In the entries that follow, the first line to write out is the one containing "#113=FACE_BOUND('',#112,.T.);", and the last is the one containing "#147=EDGE_CURVE('E142',#146,#137,#144,.T.);". Reproduce that stretch exactly, with nothing before or after it.

## Provided data
--------------------------------

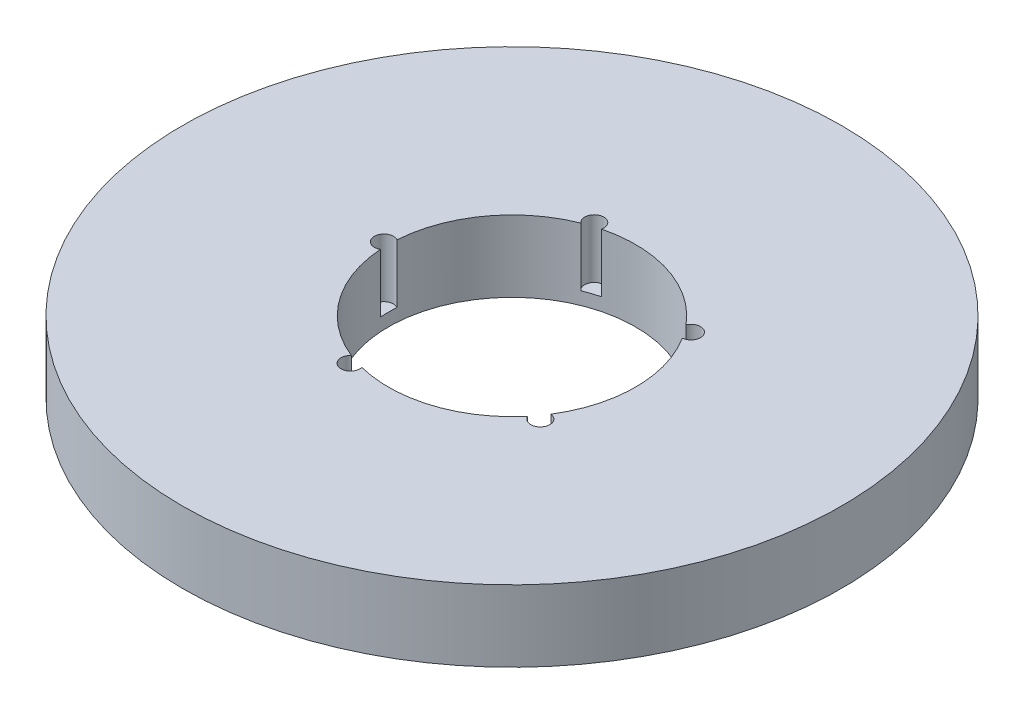
ISO-10303-21;
HEADER;
FILE_DESCRIPTION(('STEP AP214'),'2;1');
FILE_NAME('part.step','',(''),(''),'','','');
FILE_SCHEMA(('AUTOMOTIVE_DESIGN { 1 0 10303 214 1 1 1 1 }'));
ENDSEC;
DATA;
#1=APPLICATION_CONTEXT('core data for automotive mechanical design processes');
#2=APPLICATION_PROTOCOL_DEFINITION('international standard','automotive_design',2000,#1);
#3=PRODUCT_CONTEXT('',#1,'mechanical');
#4=PRODUCT('Part','Part','',(#3));
#5=PRODUCT_RELATED_PRODUCT_CATEGORY('part','',(#4));
#6=PRODUCT_DEFINITION_FORMATION('','',#4);
#7=PRODUCT_DEFINITION_CONTEXT('part definition',#1,'design');
#8=PRODUCT_DEFINITION('design','',#6,#7);
#9=PRODUCT_DEFINITION_SHAPE('','',#8);
#10=(LENGTH_UNIT() NAMED_UNIT(*) SI_UNIT(.MILLI.,.METRE.));
#11=(NAMED_UNIT(*) PLANE_ANGLE_UNIT() SI_UNIT($,.RADIAN.));
#12=(NAMED_UNIT(*) SI_UNIT($,.STERADIAN.) SOLID_ANGLE_UNIT());
#13=UNCERTAINTY_MEASURE_WITH_UNIT(LENGTH_MEASURE(1.E-05),#10,'distance_accuracy_value','');
#14=(GEOMETRIC_REPRESENTATION_CONTEXT(3) GLOBAL_UNCERTAINTY_ASSIGNED_CONTEXT((#13)) GLOBAL_UNIT_ASSIGNED_CONTEXT((#10,
#11,#12)) REPRESENTATION_CONTEXT('',''));
#15=CARTESIAN_POINT('',(0.,0.,0.));
#16=DIRECTION('',(0.,0.,1.));
#17=DIRECTION('',(1.,0.,0.));
#18=AXIS2_PLACEMENT_3D('',#15,#16,#17);
#19=CARTESIAN_POINT('',(0.,13.,0.));
#20=DIRECTION('',(0.,-1.,0.));
#21=DIRECTION('',(0.,0.,-1.));
#22=AXIS2_PLACEMENT_3D('',#19,#20,#21);
#23=CYLINDRICAL_SURFACE('',#22,60.);
#24=CARTESIAN_POINT('',(0.,13.,0.));
#25=DIRECTION('',(0.,1.,0.));
#26=DIRECTION('',(0.,0.,1.));
#27=AXIS2_PLACEMENT_3D('',#24,#25,#26);
#28=CIRCLE('',#27,60.);
#29=CARTESIAN_POINT('',(0.,13.,-60.));
#30=VERTEX_POINT('',#29);
#31=EDGE_CURVE('E160',#30,#30,#28,.T.);
#32=CARTESIAN_POINT('',(0.,0.,0.));
#33=DIRECTION('',(0.,1.,0.));
#34=DIRECTION('',(0.,0.,1.));
#35=AXIS2_PLACEMENT_3D('',#32,#33,#34);
#36=CIRCLE('',#35,60.);
#37=CARTESIAN_POINT('',(0.,0.,-60.));
#38=VERTEX_POINT('',#37);
#39=EDGE_CURVE('E153',#38,#38,#36,.T.);
#40=CARTESIAN_POINT('',(0.,13.,-60.));
#41=CARTESIAN_POINT('',(0.,12.8645833333333,-60.));
#42=CARTESIAN_POINT('',(0.,12.7291666666667,-60.));
#43=CARTESIAN_POINT('',(0.,12.4583333333333,-60.));
#44=CARTESIAN_POINT('',(0.,12.3229166666667,-60.));
#45=CARTESIAN_POINT('',(0.,12.0520833333333,-60.));
#46=CARTESIAN_POINT('',(0.,11.9166666666667,-60.));
#47=CARTESIAN_POINT('',(0.,11.6458333333333,-60.));
#48=CARTESIAN_POINT('',(0.,11.5104166666667,-60.));
#49=CARTESIAN_POINT('',(0.,11.2395833333333,-60.));
#50=CARTESIAN_POINT('',(0.,11.1041666666667,-60.));
#51=CARTESIAN_POINT('',(0.,10.8333333333333,-60.));
#52=CARTESIAN_POINT('',(0.,10.6979166666667,-60.));
#53=CARTESIAN_POINT('',(0.,10.4270833333333,-60.));
#54=CARTESIAN_POINT('',(0.,10.2916666666667,-60.));
#55=CARTESIAN_POINT('',(0.,10.0208333333333,-60.));
#56=CARTESIAN_POINT('',(0.,9.88541666666667,-60.));
#57=CARTESIAN_POINT('',(0.,9.61458333333333,-60.));
#58=CARTESIAN_POINT('',(0.,9.47916666666667,-60.));
#59=CARTESIAN_POINT('',(0.,9.20833333333333,-60.));
#60=CARTESIAN_POINT('',(0.,9.07291666666666,-60.));
#61=CARTESIAN_POINT('',(0.,8.80208333333333,-60.));
#62=CARTESIAN_POINT('',(0.,8.66666666666667,-60.));
#63=CARTESIAN_POINT('',(0.,8.39583333333333,-60.));
#64=CARTESIAN_POINT('',(0.,8.26041666666667,-60.));
#65=CARTESIAN_POINT('',(0.,7.98958333333333,-60.));
#66=CARTESIAN_POINT('',(0.,7.85416666666667,-60.));
#67=CARTESIAN_POINT('',(0.,7.58333333333333,-60.));
#68=CARTESIAN_POINT('',(0.,7.44791666666667,-60.));
#69=CARTESIAN_POINT('',(0.,7.17708333333333,-60.));
#70=CARTESIAN_POINT('',(0.,7.04166666666667,-60.));
#71=CARTESIAN_POINT('',(0.,6.77083333333333,-60.));
#72=CARTESIAN_POINT('',(0.,6.63541666666667,-60.));
#73=CARTESIAN_POINT('',(0.,6.36458333333333,-60.));
#74=CARTESIAN_POINT('',(0.,6.22916666666667,-60.));
#75=CARTESIAN_POINT('',(0.,5.95833333333333,-60.));
#76=CARTESIAN_POINT('',(0.,5.82291666666667,-60.));
#77=CARTESIAN_POINT('',(0.,5.55208333333333,-60.));
#78=CARTESIAN_POINT('',(0.,5.41666666666667,-60.));
#79=CARTESIAN_POINT('',(0.,5.14583333333333,-60.));
#80=CARTESIAN_POINT('',(0.,5.01041666666667,-60.));
#81=CARTESIAN_POINT('',(0.,4.73958333333333,-60.));
#82=CARTESIAN_POINT('',(0.,4.60416666666667,-60.));
#83=CARTESIAN_POINT('',(0.,4.33333333333333,-60.));
#84=CARTESIAN_POINT('',(0.,4.19791666666667,-60.));
#85=CARTESIAN_POINT('',(0.,3.92708333333333,-60.));
#86=CARTESIAN_POINT('',(0.,3.79166666666667,-60.));
#87=CARTESIAN_POINT('',(0.,3.52083333333333,-60.));
#88=CARTESIAN_POINT('',(0.,3.38541666666667,-60.));
#89=CARTESIAN_POINT('',(0.,3.11458333333333,-60.));
#90=CARTESIAN_POINT('',(0.,2.97916666666667,-60.));
#91=CARTESIAN_POINT('',(0.,2.70833333333333,-60.));
#92=CARTESIAN_POINT('',(0.,2.57291666666667,-60.));
#93=CARTESIAN_POINT('',(0.,2.30208333333333,-60.));
#94=CARTESIAN_POINT('',(0.,2.16666666666667,-60.));
#95=CARTESIAN_POINT('',(0.,1.89583333333333,-60.));
#96=CARTESIAN_POINT('',(0.,1.76041666666667,-60.));
#97=CARTESIAN_POINT('',(0.,1.48958333333333,-60.));
#98=CARTESIAN_POINT('',(0.,1.35416666666667,-60.));
#99=CARTESIAN_POINT('',(0.,1.08333333333333,-60.));
#100=CARTESIAN_POINT('',(0.,0.947916666666667,-60.));
#101=CARTESIAN_POINT('',(0.,0.677083333333334,-60.));
#102=CARTESIAN_POINT('',(0.,0.541666666666667,-60.));
#103=CARTESIAN_POINT('',(0.,0.270833333333334,-60.));
#104=CARTESIAN_POINT('',(0.,0.135416666666667,-60.));
#105=CARTESIAN_POINT('',(0.,0.,-60.));
#106=B_SPLINE_CURVE_WITH_KNOTS('',3,(#40,#41,#42,#43,#44,#45,#46,#47,#48,#49,#50,#51,#52,#53,
#54,#55,#56,#57,#58,#59,#60,#61,#62,#63,#64,#65,#66,#67,#68,#69,#70,#71,#72,#73,#74,#75,#76,#77,
#78,#79,#80,#81,#82,#83,#84,#85,#86,#87,#88,#89,#90,#91,#92,#93,#94,#95,#96,#97,#98,#99,#100,
#101,#102,#103,#104,#105),.UNSPECIFIED.,.F.,.F.,(4,2,2,2,2,2,2,2,2,2,2,2,2,2,2,2,2,2,2,2,2,2,2,
2,2,2,2,2,2,2,2,2,4),(0.,0.40625,0.812500000000001,1.21875,1.625,2.03125,2.4375,2.84375,3.25,
3.65625,4.0625,4.46875,4.875,5.28125,5.6875,6.09375,6.5,6.90625,7.3125,7.71875,8.125,8.53125,
8.9375,9.34375,9.75,10.15625,10.5625,10.96875,11.375,11.78125,12.1875,12.59375,13.),.UNSPECIFIED.);
#107=EDGE_CURVE('BSEAM39',#30,#38,#106,.T.);
#108=ORIENTED_EDGE('',*,*,#31,.F.);
#109=ORIENTED_EDGE('',*,*,#39,.T.);
#110=ORIENTED_EDGE('',*,*,#107,.T.);
#111=ORIENTED_EDGE('',*,*,#107,.F.);
#112=EDGE_LOOP('',(#108,#110,#109,#111));
#113=FACE_BOUND('',#112,.T.);
#114=ADVANCED_FACE('F39',(#113),#23,.T.);
#115=CARTESIAN_POINT('',(0.,13.,0.));
#116=DIRECTION('',(0.,1.,0.));
#117=DIRECTION('',(0.,0.,1.));
#118=AXIS2_PLACEMENT_3D('',#115,#116,#117);
#119=PLANE('',#118);
#120=CARTESIAN_POINT('',(-7.20899848222606,13.,22.1870159482687));
#121=DIRECTION('',(0.,1.,0.));
#122=DIRECTION('',(0.951056516295155,0.,0.309016994374945));
#123=AXIS2_PLACEMENT_3D('',#120,#121,#122);
#124=CIRCLE('',#123,1.74253919727996);
#125=CARTESIAN_POINT('',(-8.36818277630689,13.,20.885964594012));
#126=VERTEX_POINT('',#125);
#127=CARTESIAN_POINT('',(-5.50645989019485,13.,21.8157947248702));
#128=VERTEX_POINT('',#127);
#129=EDGE_CURVE('E186',#126,#128,#124,.T.);
#130=ORIENTED_EDGE('',*,*,#129,.F.);
#131=CARTESIAN_POINT('',(0.,13.,0.));
#132=DIRECTION('',(0.,1.,0.));
#133=DIRECTION('',(0.,0.,1.));
#134=AXIS2_PLACEMENT_3D('',#131,#132,#133);
#135=CIRCLE('',#134,22.5);
#136=CARTESIAN_POINT('',(-22.4496434161595,13.,1.50449675549246));
#137=VERTEX_POINT('',#136);
#138=EDGE_CURVE('E148',#137,#126,#135,.T.);
#139=ORIENTED_EDGE('',*,*,#138,.F.);
#140=CARTESIAN_POINT('',(-23.3288091381765,13.,0.));
#141=DIRECTION('',(0.,1.,0.));
#142=DIRECTION('',(0.,0.,1.));
#143=AXIS2_PLACEMENT_3D('',#140,#141,#142);
#144=CIRCLE('',#143,1.74253919727996);
#145=CARTESIAN_POINT('',(-22.4496434161595,13.,-1.50449675549246));
#146=VERTEX_POINT('',#145);
#147=EDGE_CURVE('E142',#146,#137,#144,.T.);
#148=ORIENTED_EDGE('',*,*,#147,.F.);
#149=CARTESIAN_POINT('',(-8.36818277630719,13.,-20.8859645940118));
#150=VERTEX_POINT('',#149);
#151=EDGE_CURVE('E132',#150,#146,#135,.T.);
#152=ORIENTED_EDGE('',*,*,#151,.F.);
#153=CARTESIAN_POINT('',(-7.20899848222637,13.,-22.1870159482686));
#154=DIRECTION('',(0.,1.,0.));
#155=DIRECTION('',(-0.95105651629515,0.,0.309016994374958));
#156=AXIS2_PLACEMENT_3D('',#153,#154,#155);
#157=CIRCLE('',#156,1.74253919727996);
#158=CARTESIAN_POINT('',(-5.50645989019516,13.,-21.8157947248701));
#159=VERTEX_POINT('',#158);
#160=EDGE_CURVE('E111',#159,#150,#157,.T.);
#161=ORIENTED_EDGE('',*,*,#160,.F.);
#162=CARTESIAN_POINT('',(17.2778220363302,13.,-14.4127327624189));
#163=VERTEX_POINT('',#162);
#164=EDGE_CURVE('E141',#163,#159,#135,.T.);
#165=ORIENTED_EDGE('',*,*,#164,.F.);
#166=CARTESIAN_POINT('',(18.8734030513143,13.,-13.7123299649662));
#167=DIRECTION('',(0.,1.,0.));
#168=DIRECTION('',(-0.58778525229248,0.,-0.809016994374942));
#169=AXIS2_PLACEMENT_3D('',#166,#167,#168);
#170=CIRCLE('',#169,1.74253919727996);
#171=CARTESIAN_POINT('',(19.0464640463309,13.,-11.9784058760682));
#172=VERTEX_POINT('',#171);
#173=EDGE_CURVE('E173',#172,#163,#170,.T.);
#174=ORIENTED_EDGE('',*,*,#173,.F.);
#175=CARTESIAN_POINT('',(19.0464640463311,13.,11.9784058760679));
#176=VERTEX_POINT('',#175);
#177=EDGE_CURVE('E150',#176,#172,#135,.T.);
#178=ORIENTED_EDGE('',*,*,#177,.F.);
#179=CARTESIAN_POINT('',(18.8734030513145,13.,13.7123299649659));
#180=DIRECTION('',(0.,1.,0.));
#181=DIRECTION('',(0.587785252292469,0.,-0.809016994374951));
#182=AXIS2_PLACEMENT_3D('',#179,#180,#181);
#183=CIRCLE('',#182,1.74253919727996);
#184=CARTESIAN_POINT('',(17.2778220363304,13.,14.4127327624186));
#185=VERTEX_POINT('',#184);
#186=EDGE_CURVE('E172',#185,#176,#183,.T.);
#187=ORIENTED_EDGE('',*,*,#186,.F.);
#188=EDGE_CURVE('E152',#128,#185,#135,.T.);
#189=ORIENTED_EDGE('',*,*,#188,.F.);
#190=EDGE_LOOP('',(#130,#139,#148,#152,#161,#165,#174,#178,#187,#189));
#191=FACE_BOUND('',#190,.T.);
#192=ORIENTED_EDGE('',*,*,#31,.T.);
#193=EDGE_LOOP('',(#192));
#194=FACE_BOUND('',#193,.T.);
#195=ADVANCED_FACE('F138',(#191,#194),#119,.T.);
#196=CARTESIAN_POINT('',(0.,0.,0.));
#197=DIRECTION('',(0.,1.,0.));
#198=DIRECTION('',(0.,0.,1.));
#199=AXIS2_PLACEMENT_3D('',#196,#197,#198);
#200=PLANE('',#199);
#201=CARTESIAN_POINT('',(0.,0.,0.));
#202=DIRECTION('',(0.,1.,0.));
#203=DIRECTION('',(0.,0.,1.));
#204=AXIS2_PLACEMENT_3D('',#201,#202,#203);
#205=CIRCLE('',#204,22.5);
#206=CARTESIAN_POINT('',(0.,0.,22.5));
#207=VERTEX_POINT('',#206);
#208=EDGE_CURVE('E145',#207,#207,#205,.T.);
#209=ORIENTED_EDGE('',*,*,#208,.T.);
#210=EDGE_LOOP('',(#209));
#211=FACE_BOUND('',#210,.T.);
#212=ORIENTED_EDGE('',*,*,#39,.F.);
#213=EDGE_LOOP('',(#212));
#214=FACE_BOUND('',#213,.T.);
#215=ADVANCED_FACE('F216',(#211,#214),#200,.F.);
#216=CARTESIAN_POINT('',(0.,13.,0.));
#217=DIRECTION('',(0.,-1.,0.));
#218=DIRECTION('',(0.,0.,-1.));
#219=AXIS2_PLACEMENT_3D('',#216,#217,#218);
#220=CYLINDRICAL_SURFACE('',#219,22.5);
#221=DIRECTION('',(0.,1.,0.));
#222=VECTOR('',#221,1.);
#223=CARTESIAN_POINT('',(-8.36818277630688,7.66225969153024,20.8859645940119));
#224=LINE('',#223,#222);
#225=CARTESIAN_POINT('',(-8.36818277630689,2.32451938306047,20.885964594012));
#226=VERTEX_POINT('',#225);
#227=EDGE_CURVE('E11',#226,#126,#224,.T.);
#228=ORIENTED_EDGE('',*,*,#227,.F.);
#229=CARTESIAN_POINT('',(0.,2.32451938306047,0.));
#230=DIRECTION('',(0.,1.,0.));
#231=DIRECTION('',(0.,0.,1.));
#232=AXIS2_PLACEMENT_3D('',#229,#230,#231);
#233=CIRCLE('',#232,22.5);
#234=CARTESIAN_POINT('',(-5.50645989019485,2.32451938306047,21.8157947248702));
#235=VERTEX_POINT('',#234);
#236=EDGE_CURVE('E192',#226,#235,#233,.T.);
#237=ORIENTED_EDGE('',*,*,#236,.T.);
#238=DIRECTION('',(0.,1.,0.));
#239=VECTOR('',#238,1.);
#240=CARTESIAN_POINT('',(-5.50645989019485,7.66225969153024,21.8157947248702));
#241=LINE('',#240,#239);
#242=EDGE_CURVE('E46',#128,#235,#241,.F.);
#243=ORIENTED_EDGE('',*,*,#242,.F.);
#244=ORIENTED_EDGE('',*,*,#188,.T.);
#245=DIRECTION('',(0.,1.,0.));
#246=VECTOR('',#245,1.);
#247=CARTESIAN_POINT('',(17.2778220363304,7.66225969153024,14.4127327624186));
#248=LINE('',#247,#246);
#249=CARTESIAN_POINT('',(17.2778220363304,2.32451938306047,14.4127327624186));
#250=VERTEX_POINT('',#249);
#251=EDGE_CURVE('E195',#250,#185,#248,.T.);
#252=ORIENTED_EDGE('',*,*,#251,.F.);
#253=CARTESIAN_POINT('',(0.,2.32451938306047,0.));
#254=DIRECTION('',(0.,1.,0.));
#255=DIRECTION('',(0.,0.,1.));
#256=AXIS2_PLACEMENT_3D('',#253,#254,#255);
#257=CIRCLE('',#256,22.5);
#258=CARTESIAN_POINT('',(19.0464640463311,2.32451938306047,11.9784058760679));
#259=VERTEX_POINT('',#258);
#260=EDGE_CURVE('E197',#250,#259,#257,.T.);
#261=ORIENTED_EDGE('',*,*,#260,.T.);
#262=DIRECTION('',(0.,1.,0.));
#263=VECTOR('',#262,1.);
#264=CARTESIAN_POINT('',(19.0464640463311,7.66225969153024,11.9784058760679));
#265=LINE('',#264,#263);
#266=EDGE_CURVE('E168',#176,#259,#265,.F.);
#267=ORIENTED_EDGE('',*,*,#266,.F.);
#268=ORIENTED_EDGE('',*,*,#177,.T.);
#269=DIRECTION('',(0.,1.,0.));
#270=VECTOR('',#269,1.);
#271=CARTESIAN_POINT('',(19.0464640463309,7.66225969153024,-11.9784058760682));
#272=LINE('',#271,#270);
#273=CARTESIAN_POINT('',(19.0464640463309,2.32451938306047,-11.9784058760682));
#274=VERTEX_POINT('',#273);
#275=EDGE_CURVE('E169',#274,#172,#272,.T.);
#276=ORIENTED_EDGE('',*,*,#275,.F.);
#277=CARTESIAN_POINT('',(0.,2.32451938306047,0.));
#278=DIRECTION('',(0.,1.,0.));
#279=DIRECTION('',(0.,0.,1.));
#280=AXIS2_PLACEMENT_3D('',#277,#278,#279);
#281=CIRCLE('',#280,22.5);
#282=CARTESIAN_POINT('',(17.2778220363302,2.32451938306047,-14.4127327624189));
#283=VERTEX_POINT('',#282);
#284=EDGE_CURVE('E332',#274,#283,#281,.T.);
#285=ORIENTED_EDGE('',*,*,#284,.T.);
#286=DIRECTION('',(0.,1.,0.));
#287=VECTOR('',#286,1.);
#288=CARTESIAN_POINT('',(17.2778220363302,7.66225969153024,-14.4127327624189));
#289=LINE('',#288,#287);
#290=EDGE_CURVE('E335',#163,#283,#289,.F.);
#291=ORIENTED_EDGE('',*,*,#290,.F.);
#292=ORIENTED_EDGE('',*,*,#164,.T.);
#293=DIRECTION('',(0.,1.,0.));
#294=VECTOR('',#293,1.);
#295=CARTESIAN_POINT('',(-5.50645989019515,7.66225969153024,-21.8157947248702));
#296=LINE('',#295,#294);
#297=CARTESIAN_POINT('',(-5.50645989019516,2.32451938306047,-21.8157947248701));
#298=VERTEX_POINT('',#297);
#299=EDGE_CURVE('E121',#298,#159,#296,.T.);
#300=ORIENTED_EDGE('',*,*,#299,.F.);
#301=CARTESIAN_POINT('',(0.,2.32451938306047,0.));
#302=DIRECTION('',(0.,1.,0.));
#303=DIRECTION('',(0.,0.,1.));
#304=AXIS2_PLACEMENT_3D('',#301,#302,#303);
#305=CIRCLE('',#304,22.5);
#306=CARTESIAN_POINT('',(-8.36818277630719,2.32451938306047,-20.8859645940118));
#307=VERTEX_POINT('',#306);
#308=EDGE_CURVE('E134',#298,#307,#305,.T.);
#309=ORIENTED_EDGE('',*,*,#308,.T.);
#310=DIRECTION('',(0.,1.,0.));
#311=VECTOR('',#310,1.);
#312=CARTESIAN_POINT('',(-8.36818277630719,7.66225969153024,-20.8859645940118));
#313=LINE('',#312,#311);
#314=EDGE_CURVE('E117',#150,#307,#313,.F.);
#315=ORIENTED_EDGE('',*,*,#314,.F.);
#316=ORIENTED_EDGE('',*,*,#151,.T.);
#317=DIRECTION('',(0.,1.,0.));
#318=VECTOR('',#317,1.);
#319=CARTESIAN_POINT('',(-22.4496434161595,7.66225969153024,-1.50449675549246));
#320=LINE('',#319,#318);
#321=CARTESIAN_POINT('',(-22.4496434161595,2.32451938306047,-1.50449675549246));
#322=VERTEX_POINT('',#321);
#323=EDGE_CURVE('E338',#322,#146,#320,.T.);
#324=ORIENTED_EDGE('',*,*,#323,.F.);
#325=CARTESIAN_POINT('',(0.,2.32451938306047,0.));
#326=DIRECTION('',(0.,1.,0.));
#327=DIRECTION('',(0.,0.,1.));
#328=AXIS2_PLACEMENT_3D('',#325,#326,#327);
#329=CIRCLE('',#328,22.5);
#330=CARTESIAN_POINT('',(-22.4496434161595,2.32451938306047,1.50449675549246));
#331=VERTEX_POINT('',#330);
#332=EDGE_CURVE('E342',#322,#331,#329,.T.);
#333=ORIENTED_EDGE('',*,*,#332,.T.);
#334=DIRECTION('',(0.,1.,0.));
#335=VECTOR('',#334,1.);
#336=CARTESIAN_POINT('',(-22.4496434161595,7.66225969153024,1.50449675549246));
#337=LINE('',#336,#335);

--------------------------------

## Response below
#113=FACE_BOUND('',#112,.T.);
#114=ADVANCED_FACE('F39',(#113),#23,.T.);
#115=CARTESIAN_POINT('',(0.,13.,0.));
#116=DIRECTION('',(0.,1.,0.));
#117=DIRECTION('',(0.,0.,1.));
#118=AXIS2_PLACEMENT_3D('',#115,#116,#117);
#119=PLANE('',#118);
#120=CARTESIAN_POINT('',(-7.20899848222606,13.,22.1870159482687));
#121=DIRECTION('',(0.,1.,0.));
#122=DIRECTION('',(0.951056516295155,0.,0.309016994374945));
#123=AXIS2_PLACEMENT_3D('',#120,#121,#122);
#124=CIRCLE('',#123,1.74253919727996);
#125=CARTESIAN_POINT('',(-8.36818277630689,13.,20.885964594012));
#126=VERTEX_POINT('',#125);
#127=CARTESIAN_POINT('',(-5.50645989019485,13.,21.8157947248702));
#128=VERTEX_POINT('',#127);
#129=EDGE_CURVE('E186',#126,#128,#124,.T.);
#130=ORIENTED_EDGE('',*,*,#129,.F.);
#131=CARTESIAN_POINT('',(0.,13.,0.));
#132=DIRECTION('',(0.,1.,0.));
#133=DIRECTION('',(0.,0.,1.));
#134=AXIS2_PLACEMENT_3D('',#131,#132,#133);
#135=CIRCLE('',#134,22.5);
#136=CARTESIAN_POINT('',(-22.4496434161595,13.,1.50449675549246));
#137=VERTEX_POINT('',#136);
#138=EDGE_CURVE('E148',#137,#126,#135,.T.);
#139=ORIENTED_EDGE('',*,*,#138,.F.);
#140=CARTESIAN_POINT('',(-23.3288091381765,13.,0.));
#141=DIRECTION('',(0.,1.,0.));
#142=DIRECTION('',(0.,0.,1.));
#143=AXIS2_PLACEMENT_3D('',#140,#141,#142);
#144=CIRCLE('',#143,1.74253919727996);
#145=CARTESIAN_POINT('',(-22.4496434161595,13.,-1.50449675549246));
#146=VERTEX_POINT('',#145);
#147=EDGE_CURVE('E142',#146,#137,#144,.T.);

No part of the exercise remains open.